When they left these levels, they would be entering the Castle proper. Tal was suddenly struck by the realization that he had actually gotten back. He'd never thought beyond that, and now he didn't know what to do. What could he do?
He couldn't just go home, because his enemies would find him. He couldn't go to any public places dressed the way he was. There'd be a panic, or a lot of trouble at the least.
And that was just Tal. He hadn't properly thought about bringing Milla into the Castle at all. He knew she was an Icecarl and what that meant. No one else would. There was no knowing how the Chosen would react. As far as they were concerned no one lived outside the Castle. No one could live outside the Castle. They would think she was some kind of creature that had crossed from Aenir without becoming a shadow. A free spirit. An uncontrolled spirit.
That would be about the most frightening thing a Chosen could imagine. There would be white-hot rays of light and destruction, with Chosen blasting them on first sight. That's what Tal would have done if he'd encountered Milla in the Castle, he knew. If she wasn't a Chosen and wasn't an Unde
rfolk, she had to be a monster. Why would any other Chosen think differently?

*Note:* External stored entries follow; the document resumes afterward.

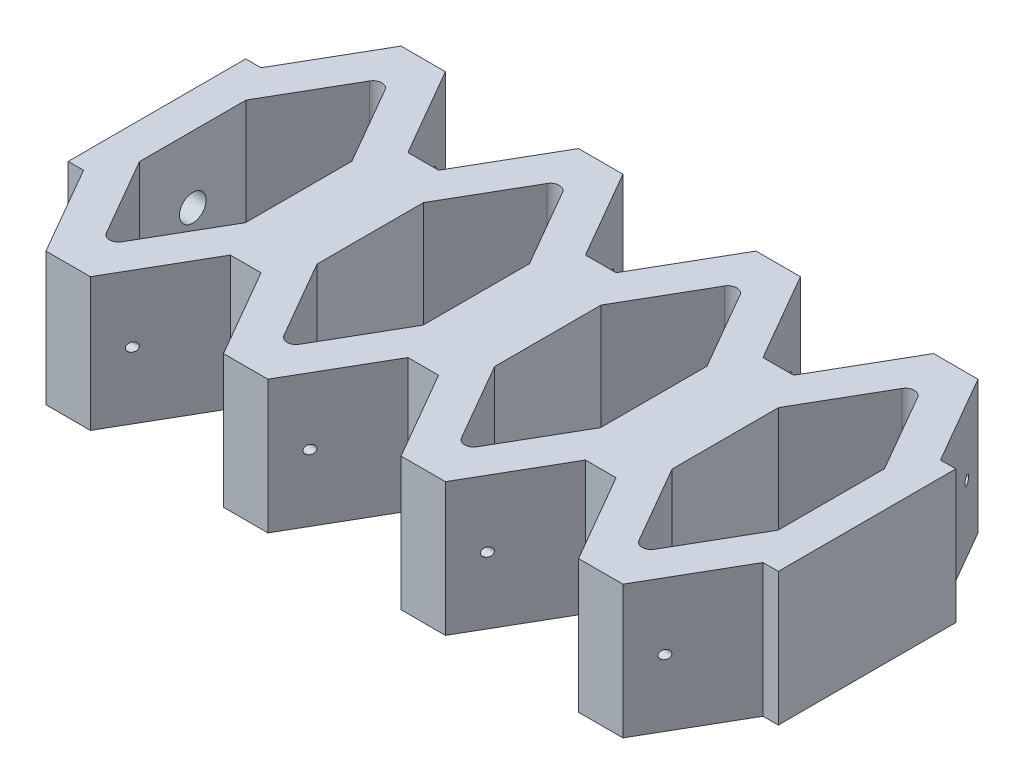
ISO-10303-21;
HEADER;
FILE_DESCRIPTION(('STEP AP214'),'2;1');
FILE_NAME('part.step','',(''),(''),'','','');
FILE_SCHEMA(('AUTOMOTIVE_DESIGN { 1 0 10303 214 1 1 1 1 }'));
ENDSEC;
DATA;
#1=APPLICATION_CONTEXT('core data for automotive mechanical design processes');
#2=APPLICATION_PROTOCOL_DEFINITION('international standard','automotive_design',2000,#1);
#3=PRODUCT_CONTEXT('',#1,'mechanical');
#4=PRODUCT('Part','Part','',(#3));
#5=PRODUCT_RELATED_PRODUCT_CATEGORY('part','',(#4));
#6=PRODUCT_DEFINITION_FORMATION('','',#4);
#7=PRODUCT_DEFINITION_CONTEXT('part definition',#1,'design');
#8=PRODUCT_DEFINITION('design','',#6,#7);
#9=PRODUCT_DEFINITION_SHAPE('','',#8);
#10=(LENGTH_UNIT() NAMED_UNIT(*) SI_UNIT(.MILLI.,.METRE.));
#11=(NAMED_UNIT(*) PLANE_ANGLE_UNIT() SI_UNIT($,.RADIAN.));
#12=(NAMED_UNIT(*) SI_UNIT($,.STERADIAN.) SOLID_ANGLE_UNIT());
#13=UNCERTAINTY_MEASURE_WITH_UNIT(LENGTH_MEASURE(1.E-05),#10,'distance_accuracy_value','');
#14=(GEOMETRIC_REPRESENTATION_CONTEXT(3) GLOBAL_UNCERTAINTY_ASSIGNED_CONTEXT((#13)) GLOBAL_UNIT_ASSIGNED_CONTEXT((#10,
#11,#12)) REPRESENTATION_CONTEXT('',''));
#15=CARTESIAN_POINT('',(0.,0.,0.));
#16=DIRECTION('',(0.,0.,1.));
#17=DIRECTION('',(1.,0.,0.));
#18=AXIS2_PLACEMENT_3D('',#15,#16,#17);
#19=CARTESIAN_POINT('',(0.,15.,0.));
#20=DIRECTION('',(0.,1.,0.));
#21=DIRECTION('',(0.,0.,1.));
#22=AXIS2_PLACEMENT_3D('',#19,#20,#21);
#23=PLANE('',#22);
#24=DIRECTION('',(0.,0.,1.));
#25=VECTOR('',#24,1.);
#26=CARTESIAN_POINT('',(0.,15.,-10.));
#27=LINE('',#26,#25);
#28=CARTESIAN_POINT('',(0.,15.,-10.));
#29=VERTEX_POINT('',#28);
#30=CARTESIAN_POINT('',(0.,15.,10.));
#31=VERTEX_POINT('',#30);
#32=EDGE_CURVE('E896',#29,#31,#27,.T.);
#33=ORIENTED_EDGE('',*,*,#32,.T.);
#34=DIRECTION('',(1.,0.,0.));
#35=VECTOR('',#34,1.);
#36=CARTESIAN_POINT('',(0.,15.,10.));
#37=LINE('',#36,#35);
#38=CARTESIAN_POINT('',(1.72649730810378,15.,10.));
#39=VERTEX_POINT('',#38);
#40=EDGE_CURVE('E899',#31,#39,#37,.T.);
#41=ORIENTED_EDGE('',*,*,#40,.T.);
#42=DIRECTION('',(0.499999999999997,0.,0.86602540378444));
#43=VECTOR('',#42,1.);
#44=CARTESIAN_POINT('',(1.72649730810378,15.,10.));
#45=LINE('',#44,#43);
#46=CARTESIAN_POINT('',(7.5,15.,20.));
#47=VERTEX_POINT('',#46);
#48=EDGE_CURVE('E902',#39,#47,#45,.T.);
#49=ORIENTED_EDGE('',*,*,#48,.T.);
#50=DIRECTION('',(1.,0.,0.));
#51=VECTOR('',#50,1.);
#52=CARTESIAN_POINT('',(7.5,15.,20.));
#53=LINE('',#52,#51);
#54=CARTESIAN_POINT('',(12.5,15.,20.));
#55=VERTEX_POINT('',#54);
#56=EDGE_CURVE('E904',#47,#55,#53,.T.);
#57=ORIENTED_EDGE('',*,*,#56,.T.);
#58=DIRECTION('',(0.499999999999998,0.,-0.86602540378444));
#59=VECTOR('',#58,1.);
#60=CARTESIAN_POINT('',(12.5,15.,20.));
#61=LINE('',#60,#59);
#62=CARTESIAN_POINT('',(18.2735026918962,15.,10.));
#63=VERTEX_POINT('',#62);
#64=EDGE_CURVE('E906',#55,#63,#61,.T.);
#65=ORIENTED_EDGE('',*,*,#64,.T.);
#66=DIRECTION('',(1.,0.,0.));
#67=VECTOR('',#66,1.);
#68=CARTESIAN_POINT('',(20.,15.,10.));
#69=LINE('',#68,#67);
#70=CARTESIAN_POINT('',(21.7264973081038,15.,10.));
#71=VERTEX_POINT('',#70);
#72=EDGE_CURVE('E908',#63,#71,#69,.T.);
#73=ORIENTED_EDGE('',*,*,#72,.T.);
#74=DIRECTION('',(0.499999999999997,0.,0.86602540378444));
#75=VECTOR('',#74,1.);
#76=CARTESIAN_POINT('',(21.7264973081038,15.,10.));
#77=LINE('',#76,#75);
#78=CARTESIAN_POINT('',(27.5,15.,20.));
#79=VERTEX_POINT('',#78);
#80=EDGE_CURVE('E785',#71,#79,#77,.T.);
#81=ORIENTED_EDGE('',*,*,#80,.T.);
#82=DIRECTION('',(1.,0.,0.));
#83=VECTOR('',#82,1.);
#84=CARTESIAN_POINT('',(27.5,15.,20.));
#85=LINE('',#84,#83);
#86=CARTESIAN_POINT('',(32.5,15.,20.));
#87=VERTEX_POINT('',#86);
#88=EDGE_CURVE('E787',#79,#87,#85,.T.);
#89=ORIENTED_EDGE('',*,*,#88,.T.);
#90=DIRECTION('',(0.499999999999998,0.,-0.86602540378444));
#91=VECTOR('',#90,1.);
#92=CARTESIAN_POINT('',(32.5,15.,20.));
#93=LINE('',#92,#91);
#94=CARTESIAN_POINT('',(38.2735026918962,15.,10.));
#95=VERTEX_POINT('',#94);
#96=EDGE_CURVE('E790',#87,#95,#93,.T.);
#97=ORIENTED_EDGE('',*,*,#96,.T.);
#98=DIRECTION('',(1.,0.,0.));
#99=VECTOR('',#98,1.);
#100=CARTESIAN_POINT('',(40.,15.,10.));
#101=LINE('',#100,#99);
#102=CARTESIAN_POINT('',(41.7264973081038,15.,10.));
#103=VERTEX_POINT('',#102);
#104=EDGE_CURVE('E792',#95,#103,#101,.T.);
#105=ORIENTED_EDGE('',*,*,#104,.T.);
#106=DIRECTION('',(0.499999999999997,0.,0.86602540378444));
#107=VECTOR('',#106,1.);
#108=CARTESIAN_POINT('',(41.7264973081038,15.,10.));
#109=LINE('',#108,#107);
#110=CARTESIAN_POINT('',(47.5,15.,20.));
#111=VERTEX_POINT('',#110);
#112=EDGE_CURVE('E668',#103,#111,#109,.T.);
#113=ORIENTED_EDGE('',*,*,#112,.T.);
#114=DIRECTION('',(1.,0.,0.));
#115=VECTOR('',#114,1.);
#116=CARTESIAN_POINT('',(47.5,15.,20.));
#117=LINE('',#116,#115);
#118=CARTESIAN_POINT('',(52.5,15.,20.));
#119=VERTEX_POINT('',#118);
#120=EDGE_CURVE('E670',#111,#119,#117,.T.);
#121=ORIENTED_EDGE('',*,*,#120,.T.);
#122=DIRECTION('',(0.499999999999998,0.,-0.86602540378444));
#123=VECTOR('',#122,1.);
#124=CARTESIAN_POINT('',(52.5,15.,20.));
#125=LINE('',#124,#123);
#126=CARTESIAN_POINT('',(58.2735026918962,15.,10.));
#127=VERTEX_POINT('',#126);
#128=EDGE_CURVE('E673',#119,#127,#125,.T.);
#129=ORIENTED_EDGE('',*,*,#128,.T.);
#130=DIRECTION('',(1.,0.,0.));
#131=VECTOR('',#130,1.);
#132=CARTESIAN_POINT('',(60.,15.,10.));
#133=LINE('',#132,#131);
#134=CARTESIAN_POINT('',(61.7264973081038,15.,10.));
#135=VERTEX_POINT('',#134);
#136=EDGE_CURVE('E675',#127,#135,#133,.T.);
#137=ORIENTED_EDGE('',*,*,#136,.T.);
#138=DIRECTION('',(0.499999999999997,0.,0.86602540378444));
#139=VECTOR('',#138,1.);
#140=CARTESIAN_POINT('',(61.7264973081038,15.,10.));
#141=LINE('',#140,#139);
#142=CARTESIAN_POINT('',(67.5,15.,20.));
#143=VERTEX_POINT('',#142);
#144=EDGE_CURVE('E541',#135,#143,#141,.T.);
#145=ORIENTED_EDGE('',*,*,#144,.T.);
#146=DIRECTION('',(1.,0.,0.));
#147=VECTOR('',#146,1.);
#148=CARTESIAN_POINT('',(67.5,15.,20.));
#149=LINE('',#148,#147);
#150=CARTESIAN_POINT('',(72.5,15.,20.));
#151=VERTEX_POINT('',#150);
#152=EDGE_CURVE('E543',#143,#151,#149,.T.);
#153=ORIENTED_EDGE('',*,*,#152,.T.);
#154=DIRECTION('',(0.499999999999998,0.,-0.86602540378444));
#155=VECTOR('',#154,1.);
#156=CARTESIAN_POINT('',(72.5,15.,20.));
#157=LINE('',#156,#155);
#158=CARTESIAN_POINT('',(78.2735026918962,15.,10.));
#159=VERTEX_POINT('',#158);
#160=EDGE_CURVE('E546',#151,#159,#157,.T.);
#161=ORIENTED_EDGE('',*,*,#160,.T.);
#162=DIRECTION('',(1.,0.,0.));
#163=VECTOR('',#162,1.);
#164=CARTESIAN_POINT('',(80.,15.,10.));
#165=LINE('',#164,#163);
#166=CARTESIAN_POINT('',(80.,15.,10.));
#167=VERTEX_POINT('',#166);
#168=EDGE_CURVE('E548',#159,#167,#165,.T.);
#169=ORIENTED_EDGE('',*,*,#168,.T.);
#170=DIRECTION('',(0.,0.,-1.));
#171=VECTOR('',#170,1.);
#172=CARTESIAN_POINT('',(80.,15.,-10.));
#173=LINE('',#172,#171);
#174=CARTESIAN_POINT('',(80.,15.,-10.));
#175=VERTEX_POINT('',#174);
#176=EDGE_CURVE('E550',#167,#175,#173,.T.);
#177=ORIENTED_EDGE('',*,*,#176,.T.);
#178=DIRECTION('',(-1.,0.,0.));
#179=VECTOR('',#178,1.);
#180=CARTESIAN_POINT('',(78.2735026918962,15.,-10.));
#181=LINE('',#180,#179);
#182=CARTESIAN_POINT('',(78.2735026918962,15.,-10.));
#183=VERTEX_POINT('',#182);
#184=EDGE_CURVE('E552',#175,#183,#181,.T.);
#185=ORIENTED_EDGE('',*,*,#184,.T.);
#186=DIRECTION('',(-0.499999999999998,0.,-0.86602540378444));
#187=VECTOR('',#186,1.);
#188=CARTESIAN_POINT('',(72.5,15.,-20.));
#189=LINE('',#188,#187);
#190=CARTESIAN_POINT('',(72.5,15.,-20.));
#191=VERTEX_POINT('',#190);
#192=EDGE_CURVE('E554',#183,#191,#189,.T.);
#193=ORIENTED_EDGE('',*,*,#192,.T.);
#194=DIRECTION('',(-1.,0.,0.));
#195=VECTOR('',#194,1.);
#196=CARTESIAN_POINT('',(67.5,15.,-20.));
#197=LINE('',#196,#195);
#198=CARTESIAN_POINT('',(67.5,15.,-20.));
#199=VERTEX_POINT('',#198);
#200=EDGE_CURVE('E556',#191,#199,#197,.T.);
#201=ORIENTED_EDGE('',*,*,#200,.T.);
#202=DIRECTION('',(-0.499999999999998,0.,0.86602540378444));
#203=VECTOR('',#202,1.);
#204=CARTESIAN_POINT('',(61.7264973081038,15.,-10.));
#205=LINE('',#204,#203);
#206=CARTESIAN_POINT('',(61.7264973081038,15.,-10.));
#207=VERTEX_POINT('',#206);
#208=EDGE_CURVE('E558',#199,#207,#205,.T.);
#209=ORIENTED_EDGE('',*,*,#208,.T.);
#210=DIRECTION('',(-1.,0.,0.));
#211=VECTOR('',#210,1.);
#212=CARTESIAN_POINT('',(58.2735026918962,15.,-10.));
#213=LINE('',#212,#211);
#214=CARTESIAN_POINT('',(58.2735026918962,15.,-10.));
#215=VERTEX_POINT('',#214);
#216=EDGE_CURVE('E677',#207,#215,#213,.T.);
#217=ORIENTED_EDGE('',*,*,#216,.T.);
#218=DIRECTION('',(-0.499999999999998,0.,-0.86602540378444));
#219=VECTOR('',#218,1.);
#220=CARTESIAN_POINT('',(52.5,15.,-20.));
#221=LINE('',#220,#219);
#222=CARTESIAN_POINT('',(52.5,15.,-20.));
#223=VERTEX_POINT('',#222);
#224=EDGE_CURVE('E679',#215,#223,#221,.T.);
#225=ORIENTED_EDGE('',*,*,#224,.T.);
#226=DIRECTION('',(-1.,0.,0.));
#227=VECTOR('',#226,1.);
#228=CARTESIAN_POINT('',(47.5,15.,-20.));
#229=LINE('',#228,#227);
#230=CARTESIAN_POINT('',(47.5,15.,-20.));
#231=VERTEX_POINT('',#230);
#232=EDGE_CURVE('E681',#223,#231,#229,.T.);
#233=ORIENTED_EDGE('',*,*,#232,.T.);
#234=DIRECTION('',(-0.499999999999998,0.,0.86602540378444));
#235=VECTOR('',#234,1.);
#236=CARTESIAN_POINT('',(41.7264973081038,15.,-10.));
#237=LINE('',#236,#235);
#238=CARTESIAN_POINT('',(41.7264973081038,15.,-10.));
#239=VERTEX_POINT('',#238);
#240=EDGE_CURVE('E683',#231,#239,#237,.T.);
#241=ORIENTED_EDGE('',*,*,#240,.T.);
#242=DIRECTION('',(-1.,0.,0.));
#243=VECTOR('',#242,1.);
#244=CARTESIAN_POINT('',(38.2735026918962,15.,-10.));
#245=LINE('',#244,#243);
#246=CARTESIAN_POINT('',(38.2735026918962,15.,-10.));
#247=VERTEX_POINT('',#246);
#248=EDGE_CURVE('E794',#239,#247,#245,.T.);
#249=ORIENTED_EDGE('',*,*,#248,.T.);
#250=DIRECTION('',(-0.499999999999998,0.,-0.86602540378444));
#251=VECTOR('',#250,1.);
#252=CARTESIAN_POINT('',(32.5,15.,-20.));
#253=LINE('',#252,#251);
#254=CARTESIAN_POINT('',(32.5,15.,-20.));
#255=VERTEX_POINT('',#254);
#256=EDGE_CURVE('E796',#247,#255,#253,.T.);
#257=ORIENTED_EDGE('',*,*,#256,.T.);
#258=DIRECTION('',(-1.,0.,0.));
#259=VECTOR('',#258,1.);
#260=CARTESIAN_POINT('',(27.5,15.,-20.));
#261=LINE('',#260,#259);
#262=CARTESIAN_POINT('',(27.5,15.,-20.));
#263=VERTEX_POINT('',#262);
#264=EDGE_CURVE('E798',#255,#263,#261,.T.);
#265=ORIENTED_EDGE('',*,*,#264,.T.);
#266=DIRECTION('',(-0.499999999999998,0.,0.86602540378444));
#267=VECTOR('',#266,1.);
#268=CARTESIAN_POINT('',(21.7264973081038,15.,-10.));
#269=LINE('',#268,#267);
#270=CARTESIAN_POINT('',(21.7264973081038,15.,-10.));
#271=VERTEX_POINT('',#270);
#272=EDGE_CURVE('E800',#263,#271,#269,.T.);
#273=ORIENTED_EDGE('',*,*,#272,.T.);
#274=DIRECTION('',(-1.,0.,0.));
#275=VECTOR('',#274,1.);
#276=CARTESIAN_POINT('',(18.2735026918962,15.,-10.));
#277=LINE('',#276,#275);
#278=CARTESIAN_POINT('',(18.2735026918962,15.,-10.));
#279=VERTEX_POINT('',#278);
#280=EDGE_CURVE('E910',#271,#279,#277,.T.);
#281=ORIENTED_EDGE('',*,*,#280,.T.);
#282=DIRECTION('',(-0.499999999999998,0.,-0.86602540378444));
#283=VECTOR('',#282,1.);
#284=CARTESIAN_POINT('',(12.5,15.,-20.));
#285=LINE('',#284,#283);
#286=CARTESIAN_POINT('',(12.5,15.,-20.));
#287=VERTEX_POINT('',#286);
#288=EDGE_CURVE('E912',#279,#287,#285,.T.);
#289=ORIENTED_EDGE('',*,*,#288,.T.);
#290=DIRECTION('',(-1.,0.,0.));
#291=VECTOR('',#290,1.);
#292=CARTESIAN_POINT('',(7.5,15.,-20.));
#293=LINE('',#292,#291);
#294=CARTESIAN_POINT('',(7.5,15.,-20.));
#295=VERTEX_POINT('',#294);
#296=EDGE_CURVE('E914',#287,#295,#293,.T.);
#297=ORIENTED_EDGE('',*,*,#296,.T.);
#298=DIRECTION('',(-0.499999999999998,0.,0.86602540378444));
#299=VECTOR('',#298,1.);
#300=CARTESIAN_POINT('',(1.72649730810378,15.,-10.));
#301=LINE('',#300,#299);
#302=CARTESIAN_POINT('',(1.72649730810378,15.,-10.));
#303=VERTEX_POINT('',#302);
#304=EDGE_CURVE('E916',#295,#303,#301,.T.);
#305=ORIENTED_EDGE('',*,*,#304,.T.);
#306=DIRECTION('',(-1.,0.,0.));
#307=VECTOR('',#306,1.);
#308=CARTESIAN_POINT('',(0.,15.,-10.));
#309=LINE('',#308,#307);
#310=EDGE_CURVE('E918',#303,#29,#309,.T.);
#311=ORIENTED_EDGE('',*,*,#310,.T.);
#312=EDGE_LOOP('',(#33,#41,#49,#57,#65,#73,#81,#89,#97,#105,#113,#121,#129,#137,#145,#153,#161,
#169,#177,#185,#193,#201,#209,#217,#225,#233,#241,#249,#257,#265,#273,#281,#289,#297,#305,#311));
#313=FACE_BOUND('',#312,.T.);
#314=DIRECTION('',(0.499999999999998,0.,0.86602540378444));
#315=VECTOR('',#314,1.);
#316=CARTESIAN_POINT('',(4.0358983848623,15.,6.00000000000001));
#317=LINE('',#316,#315);
#318=CARTESIAN_POINT('',(4.0358983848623,15.,6.00000000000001));
#319=VERTEX_POINT('',#318);
#320=CARTESIAN_POINT('',(9.13397459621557,15.,14.8301270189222));
#321=VERTEX_POINT('',#320);
#322=EDGE_CURVE('E844',#319,#321,#317,.T.);
#323=ORIENTED_EDGE('',*,*,#322,.F.);
#324=DIRECTION('',(0.,0.,1.));
#325=VECTOR('',#324,1.);
#326=CARTESIAN_POINT('',(4.03589838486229,15.,-6.00000000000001));
#327=LINE('',#326,#325);
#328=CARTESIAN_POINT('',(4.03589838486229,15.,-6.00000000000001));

"Are we in your Castle now?" asked Milla again. She looked around at the bare, smooth walls. There were no trophies, no horned Merwin skulls or Selski flipper-toe bones, or the captured weapons of enemies. "It's not very impressive. Your guards should have found us by now, instead of those Outcasts."
"Those what?" asked Tal. He hadn't been listening.
He was consumed by a new fear. What if he had done the absolutely wrong thing in bringing Milla to the Castle?
"Outcasts," said Milla. "That's what the people who brought us here were, weren't they? People without a clan, who follow the ship and live on scraps and scrapings?"
Tal stared at Milla. He'd never seen her so talkative before. Maybe it was something to do with the bad air. Or perhaps she was simply relieved they'd made it through the searing heat of the tunnels.
"I don't know who they were," he replied. "Underfolk. Servants. But I think ones who have escaped. They must live somewhere down here."
"Servants who cannot choose to leave?" asked Milla as she got up and flexed her arms. "You mean thralls. Some clans have them, though the Crones do not like it. The Far Raiders will not trade with thrall-takers."
"What's a thrall?" asked Tal. He hadn't heard the word before.
"Servants who cannot leave," said Milla. Seeing that Tal still didn't understand, she added, "People who can be bought and sold."